*Input for this task:*

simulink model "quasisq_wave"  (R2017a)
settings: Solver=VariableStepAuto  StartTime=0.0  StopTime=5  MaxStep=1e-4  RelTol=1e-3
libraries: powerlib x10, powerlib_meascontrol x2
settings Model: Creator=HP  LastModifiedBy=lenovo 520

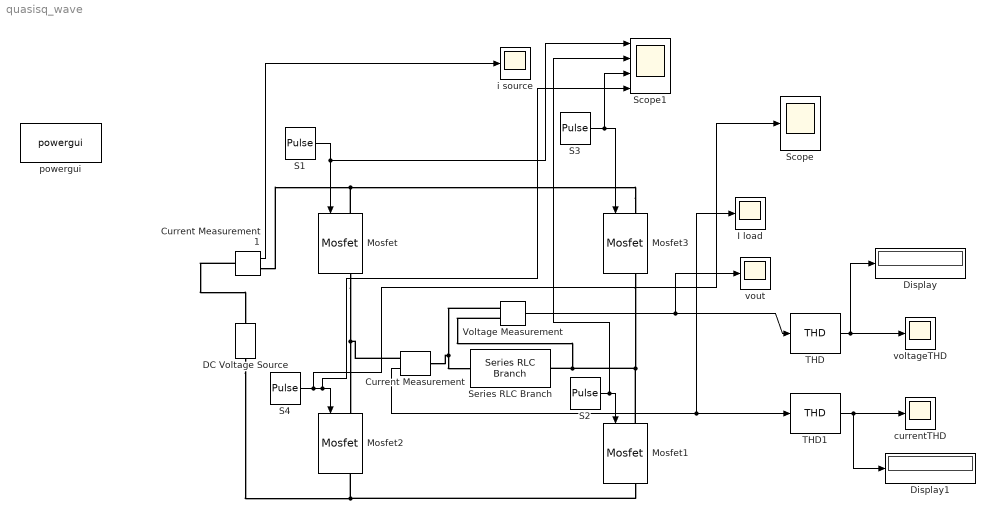
== system quasisq_wave ==
  Current Measurement : powerlib/Measurements/Current Measurement  PhasorSimulation=off  OutputType=Complex  PSBequivalent=0
  Current Measurement1 : powerlib/Measurements/Current Measurement  PhasorSimulation=off  OutputType=Complex  PSBequivalent=0
  DC Voltage Source : powerlib/Electrical Sources/DC Voltage Source  Amplitude=200  Measurements=None
  Display : Display
  Display1 : Display
  I load : Scope
  Mosfet{,1..3} (4 alike) : powerlib/Power Electronics/Mosfet  Ron=0.1  Lon=0  Rd=0.01  Vfd=0  IC=0  Rs=1e5  Cs=inf  Measurements=on
  S1 : DiscretePulseGenerator  PulseType=Time based  Period=20e-3  PulseWidth=50  PhaseDelay=2.5e-3
  S2 : DiscretePulseGenerator  PulseType=Time based  Period=20e-3  PulseWidth=50
  S3 : DiscretePulseGenerator  PulseType=Time based  Period=20e-3  PulseWidth=50  PhaseDelay=10e-3
  S4 : DiscretePulseGenerator  PulseType=Time based  Period=20e-3  PulseWidth=50  PhaseDelay=-7.5e-3
  Scope : Scope
  Scope1 : Scope  NumInputPorts=4
  Series RLC Branch : powerlib/Elements/Series RLC Branch  LConnTagsString=__new0  RConnTagsString=__new0  BranchType=RL  Resistance=1  Inductance=5e-3  SetiL0=off  InitialCurrent=0  Capacitance=1e-6  Setx0=off  InitialVoltage=0  Measurements=None
  THD : powerlib_meascontrol/Measurements/THD  Freq=50  Ts=0
  THD1 : powerlib_meascontrol/Measurements/THD  Freq=50  Ts=0
  Voltage Measurement : powerlib/Measurements/Voltage Measurement  PhasorSimulation=off  OutputType=Complex  PSBequivalent=0
  currentTHD : Scope
  i source : Scope
  powergui : powerlib/powergui  Priority=1  SimulationMode=Continuous  SampleTime=50e-6  frequency=60  Iterations=50  frequencyindice=0  Pbase=100e6  ErrMax=1e-4  UnitsV=kV  UnitsW=MW  buscounter=0  FunctionMessages=off  echomessages=off  EnableUseOfTLC=off  CurrentSourceSwitches=off  DisableSnubberDevices=off  DisableRonSwitches=off  DisableVfSwitches=off  DisplayEquations=off  SolverType=Tustin/Backward Euler (TBE)  Interpol=off  ExternalGateDelay=off  methode=off  Ts=100  x0status=blocks  SPID=on  SwTol=0  HookPort=off  RestoreLinks=warning  ResistiveCurrentMeasurement=off  Frange=[0:2:500]  Ylog=off  Xlog=on  ShowGrid=off  save=off  variable=ZData  structure=i3  ZoomFFT=off  StartTime=0.1  cycles=5  DisplayStyle=1  fundamental=50  FreqAxis=off  MaxFrequency=500  frequencyindicesteady=1  RmsSteady=1  display=off
  voltageTHD : Scope
  vout : Scope
  wires:
  THD1/1 -> Display1/1, currentTHD/1
  Current Measurement1/1 -> i source/1
  Current Measurement/1 -> I load/1, THD1/1
  S3/1 -> Scope1/3, Mosfet3/1
  THD/1 -> Display/1, voltageTHD/1
  S1/1 -> Scope1/1, Mosfet/1
  Voltage Measurement/1 -> vout/1, THD/1
  S4/1 -> Scope/1, Scope1/4, Mosfet2/1
  S2/1 -> Scope1/2, Mosfet1/1
  connections:
  Mosfet/RConn1 -- Current Measurement/RConn1 -- Mosfet2/LConn1
  Mosfet1/LConn1 -- Voltage Measurement/LConn2 -- Series RLC Branch/RConn1 -- Mosfet3/RConn1
  Voltage Measurement/LConn1 -- Current Measurement/LConn1 -- Series RLC Branch/LConn1
  Mosfet2/RConn1 -- Mosfet1/RConn1 -- DC Voltage Source/LConn1
  Mosfet3/LConn1 -- Mosfet/LConn1 -- Current Measurement1/RConn1
  Current Measurement1/LConn1 -- DC Voltage Source/RConn1

*Instructions for the task:*
Search the data for the string "PhaseDelay" and copy every line where it appears.

*Solved problem:*
  S1 : DiscretePulseGenerator  PulseType=Time based  Period=20e-3  PulseWidth=50  PhaseDelay=2.5e-3
  S3 : DiscretePulseGenerator  PulseType=Time based  Period=20e-3  PulseWidth=50  PhaseDelay=10e-3
  S4 : DiscretePulseGenerator  PulseType=Time based  Period=20e-3  PulseWidth=50  PhaseDelay=-7.5e-3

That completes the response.